__EXERCISE DESCRIPTION__. Only part of the listing is needed, namely the lines from its start through the line with "import ezdxf", and they should be retyped exactly.
### RECORDS SUPPLIED
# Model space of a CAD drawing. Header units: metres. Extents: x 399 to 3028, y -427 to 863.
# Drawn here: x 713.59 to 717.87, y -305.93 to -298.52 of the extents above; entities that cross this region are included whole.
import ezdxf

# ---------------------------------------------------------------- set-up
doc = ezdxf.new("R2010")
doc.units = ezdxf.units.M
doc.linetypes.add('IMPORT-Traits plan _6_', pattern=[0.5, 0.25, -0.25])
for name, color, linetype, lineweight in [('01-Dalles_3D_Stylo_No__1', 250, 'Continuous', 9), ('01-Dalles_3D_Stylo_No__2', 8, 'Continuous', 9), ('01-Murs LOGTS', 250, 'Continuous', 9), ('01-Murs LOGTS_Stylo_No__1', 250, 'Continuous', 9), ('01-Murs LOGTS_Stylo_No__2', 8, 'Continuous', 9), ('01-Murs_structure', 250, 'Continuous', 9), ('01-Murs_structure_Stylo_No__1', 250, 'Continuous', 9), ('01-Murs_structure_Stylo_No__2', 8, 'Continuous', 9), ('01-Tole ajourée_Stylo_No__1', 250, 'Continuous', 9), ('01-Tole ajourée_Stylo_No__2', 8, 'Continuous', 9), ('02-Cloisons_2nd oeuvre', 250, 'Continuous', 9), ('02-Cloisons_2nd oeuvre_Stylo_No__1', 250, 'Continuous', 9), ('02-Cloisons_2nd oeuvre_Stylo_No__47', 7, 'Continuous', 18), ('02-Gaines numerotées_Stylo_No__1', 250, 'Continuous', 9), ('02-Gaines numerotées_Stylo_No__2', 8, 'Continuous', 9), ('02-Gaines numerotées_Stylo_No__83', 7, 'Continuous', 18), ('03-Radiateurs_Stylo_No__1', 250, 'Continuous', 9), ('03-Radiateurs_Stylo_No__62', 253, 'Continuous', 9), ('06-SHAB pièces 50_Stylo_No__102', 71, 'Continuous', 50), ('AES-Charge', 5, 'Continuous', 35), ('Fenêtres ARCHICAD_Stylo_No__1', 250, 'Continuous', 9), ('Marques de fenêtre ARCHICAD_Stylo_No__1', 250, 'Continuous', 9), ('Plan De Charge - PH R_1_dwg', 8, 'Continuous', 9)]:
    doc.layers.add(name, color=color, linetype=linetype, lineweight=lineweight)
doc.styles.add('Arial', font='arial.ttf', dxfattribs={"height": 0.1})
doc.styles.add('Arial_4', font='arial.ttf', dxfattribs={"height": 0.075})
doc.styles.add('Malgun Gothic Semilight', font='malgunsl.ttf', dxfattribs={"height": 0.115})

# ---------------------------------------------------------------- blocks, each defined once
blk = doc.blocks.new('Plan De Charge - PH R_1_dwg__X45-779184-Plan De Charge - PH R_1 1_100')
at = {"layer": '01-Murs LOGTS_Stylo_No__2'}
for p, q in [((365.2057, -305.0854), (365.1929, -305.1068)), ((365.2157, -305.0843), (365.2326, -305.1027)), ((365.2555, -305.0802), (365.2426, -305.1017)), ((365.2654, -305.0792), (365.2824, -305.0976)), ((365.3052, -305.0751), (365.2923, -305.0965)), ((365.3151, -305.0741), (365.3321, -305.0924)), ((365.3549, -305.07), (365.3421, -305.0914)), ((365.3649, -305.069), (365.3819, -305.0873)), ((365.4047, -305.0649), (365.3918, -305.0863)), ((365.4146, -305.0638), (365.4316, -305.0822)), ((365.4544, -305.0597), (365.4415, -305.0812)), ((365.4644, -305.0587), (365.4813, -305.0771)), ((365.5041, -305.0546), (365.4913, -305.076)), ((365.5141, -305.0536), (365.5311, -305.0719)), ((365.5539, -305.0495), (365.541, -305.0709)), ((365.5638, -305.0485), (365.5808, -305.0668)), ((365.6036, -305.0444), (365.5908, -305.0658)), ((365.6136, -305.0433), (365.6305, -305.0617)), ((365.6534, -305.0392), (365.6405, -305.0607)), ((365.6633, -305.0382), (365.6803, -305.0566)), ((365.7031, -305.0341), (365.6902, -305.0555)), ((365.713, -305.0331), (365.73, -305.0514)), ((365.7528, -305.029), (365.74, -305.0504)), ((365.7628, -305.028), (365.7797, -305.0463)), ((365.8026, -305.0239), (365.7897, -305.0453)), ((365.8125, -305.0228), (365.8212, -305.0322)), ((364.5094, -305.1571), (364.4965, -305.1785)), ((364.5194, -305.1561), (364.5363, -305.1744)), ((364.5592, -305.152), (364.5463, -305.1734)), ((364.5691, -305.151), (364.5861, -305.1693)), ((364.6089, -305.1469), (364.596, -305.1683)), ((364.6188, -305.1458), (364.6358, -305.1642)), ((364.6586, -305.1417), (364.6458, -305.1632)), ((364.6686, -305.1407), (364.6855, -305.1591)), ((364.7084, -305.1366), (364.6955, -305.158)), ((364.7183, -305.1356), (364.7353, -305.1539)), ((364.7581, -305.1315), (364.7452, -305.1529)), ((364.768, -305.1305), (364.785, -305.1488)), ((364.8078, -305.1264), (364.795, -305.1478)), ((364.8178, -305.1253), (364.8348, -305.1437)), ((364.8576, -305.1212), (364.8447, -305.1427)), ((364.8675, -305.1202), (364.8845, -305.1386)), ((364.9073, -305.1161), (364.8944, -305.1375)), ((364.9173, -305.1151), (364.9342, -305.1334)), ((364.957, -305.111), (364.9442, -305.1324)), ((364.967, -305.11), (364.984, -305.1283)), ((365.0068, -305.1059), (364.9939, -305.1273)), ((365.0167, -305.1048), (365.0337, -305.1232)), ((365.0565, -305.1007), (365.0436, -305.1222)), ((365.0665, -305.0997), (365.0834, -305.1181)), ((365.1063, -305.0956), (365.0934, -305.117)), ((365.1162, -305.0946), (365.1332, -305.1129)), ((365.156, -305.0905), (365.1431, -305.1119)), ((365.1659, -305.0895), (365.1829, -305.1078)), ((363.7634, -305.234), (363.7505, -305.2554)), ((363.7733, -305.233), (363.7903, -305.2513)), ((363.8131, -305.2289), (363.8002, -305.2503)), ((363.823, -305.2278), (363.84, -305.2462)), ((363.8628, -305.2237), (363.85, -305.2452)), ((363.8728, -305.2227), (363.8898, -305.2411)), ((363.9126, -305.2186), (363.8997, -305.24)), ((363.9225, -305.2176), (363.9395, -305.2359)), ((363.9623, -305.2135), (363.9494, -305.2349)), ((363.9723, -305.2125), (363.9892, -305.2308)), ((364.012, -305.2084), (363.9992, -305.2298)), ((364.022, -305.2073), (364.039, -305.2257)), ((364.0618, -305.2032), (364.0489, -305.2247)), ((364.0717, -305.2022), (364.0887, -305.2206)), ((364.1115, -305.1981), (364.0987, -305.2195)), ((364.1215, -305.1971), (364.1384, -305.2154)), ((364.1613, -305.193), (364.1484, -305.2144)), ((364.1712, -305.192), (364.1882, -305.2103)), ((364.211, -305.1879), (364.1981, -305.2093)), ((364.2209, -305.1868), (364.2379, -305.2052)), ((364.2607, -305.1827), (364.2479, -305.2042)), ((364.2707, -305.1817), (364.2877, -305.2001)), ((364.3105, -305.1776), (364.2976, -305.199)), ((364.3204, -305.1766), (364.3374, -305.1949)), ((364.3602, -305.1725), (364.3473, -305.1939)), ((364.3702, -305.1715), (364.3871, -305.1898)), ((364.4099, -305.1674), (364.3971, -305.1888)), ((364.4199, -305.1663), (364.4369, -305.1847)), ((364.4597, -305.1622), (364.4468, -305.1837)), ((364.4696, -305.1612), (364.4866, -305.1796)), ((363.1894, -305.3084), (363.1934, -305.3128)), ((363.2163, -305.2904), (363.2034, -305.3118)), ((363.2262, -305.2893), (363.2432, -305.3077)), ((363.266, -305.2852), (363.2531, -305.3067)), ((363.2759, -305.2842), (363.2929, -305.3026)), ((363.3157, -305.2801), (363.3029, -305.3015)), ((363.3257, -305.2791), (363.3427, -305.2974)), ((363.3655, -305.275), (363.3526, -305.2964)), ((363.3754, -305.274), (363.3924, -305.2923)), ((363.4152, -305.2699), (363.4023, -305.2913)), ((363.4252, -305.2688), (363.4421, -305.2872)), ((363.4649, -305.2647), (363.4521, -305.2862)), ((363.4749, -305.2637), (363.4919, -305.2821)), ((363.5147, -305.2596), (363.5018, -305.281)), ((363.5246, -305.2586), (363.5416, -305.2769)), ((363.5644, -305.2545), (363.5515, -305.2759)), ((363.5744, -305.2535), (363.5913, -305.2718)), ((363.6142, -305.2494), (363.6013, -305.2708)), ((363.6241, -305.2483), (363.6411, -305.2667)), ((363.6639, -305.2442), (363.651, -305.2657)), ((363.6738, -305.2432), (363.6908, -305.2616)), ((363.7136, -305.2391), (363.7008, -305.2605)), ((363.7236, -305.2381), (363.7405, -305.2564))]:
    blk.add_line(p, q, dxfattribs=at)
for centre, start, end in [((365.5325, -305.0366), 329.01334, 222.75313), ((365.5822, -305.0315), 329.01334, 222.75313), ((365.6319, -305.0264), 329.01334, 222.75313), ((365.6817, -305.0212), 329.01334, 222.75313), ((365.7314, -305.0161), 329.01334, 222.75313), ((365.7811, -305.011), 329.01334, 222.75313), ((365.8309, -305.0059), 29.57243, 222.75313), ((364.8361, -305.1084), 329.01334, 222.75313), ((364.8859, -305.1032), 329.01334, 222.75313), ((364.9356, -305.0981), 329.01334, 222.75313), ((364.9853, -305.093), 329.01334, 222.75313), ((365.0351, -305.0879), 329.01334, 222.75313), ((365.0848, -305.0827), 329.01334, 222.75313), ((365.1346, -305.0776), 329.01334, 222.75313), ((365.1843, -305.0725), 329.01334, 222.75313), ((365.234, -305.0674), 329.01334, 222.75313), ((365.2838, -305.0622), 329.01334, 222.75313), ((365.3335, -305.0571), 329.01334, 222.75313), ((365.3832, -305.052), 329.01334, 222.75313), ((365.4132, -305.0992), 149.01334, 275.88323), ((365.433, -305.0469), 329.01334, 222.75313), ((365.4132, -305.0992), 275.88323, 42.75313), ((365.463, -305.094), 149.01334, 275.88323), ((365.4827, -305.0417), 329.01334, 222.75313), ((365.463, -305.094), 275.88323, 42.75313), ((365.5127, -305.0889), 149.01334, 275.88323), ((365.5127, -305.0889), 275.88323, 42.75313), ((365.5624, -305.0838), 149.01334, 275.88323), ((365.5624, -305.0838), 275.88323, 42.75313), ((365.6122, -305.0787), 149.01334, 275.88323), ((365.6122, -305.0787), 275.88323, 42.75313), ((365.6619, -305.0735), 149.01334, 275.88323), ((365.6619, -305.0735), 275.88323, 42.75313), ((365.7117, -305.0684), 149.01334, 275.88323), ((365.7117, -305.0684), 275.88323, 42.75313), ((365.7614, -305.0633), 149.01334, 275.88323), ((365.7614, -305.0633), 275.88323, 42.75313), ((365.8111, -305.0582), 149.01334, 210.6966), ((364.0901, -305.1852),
######
__SOLUTION FOR THIS PROBLEM__.
# Model space of a CAD drawing. Header units: metres. Extents: x 399 to 3028, y -427 to 863.
# Drawn here: x 713.59 to 717.87, y -305.93 to -298.52 of the extents above; entities that cross this region are included whole.
import ezdxf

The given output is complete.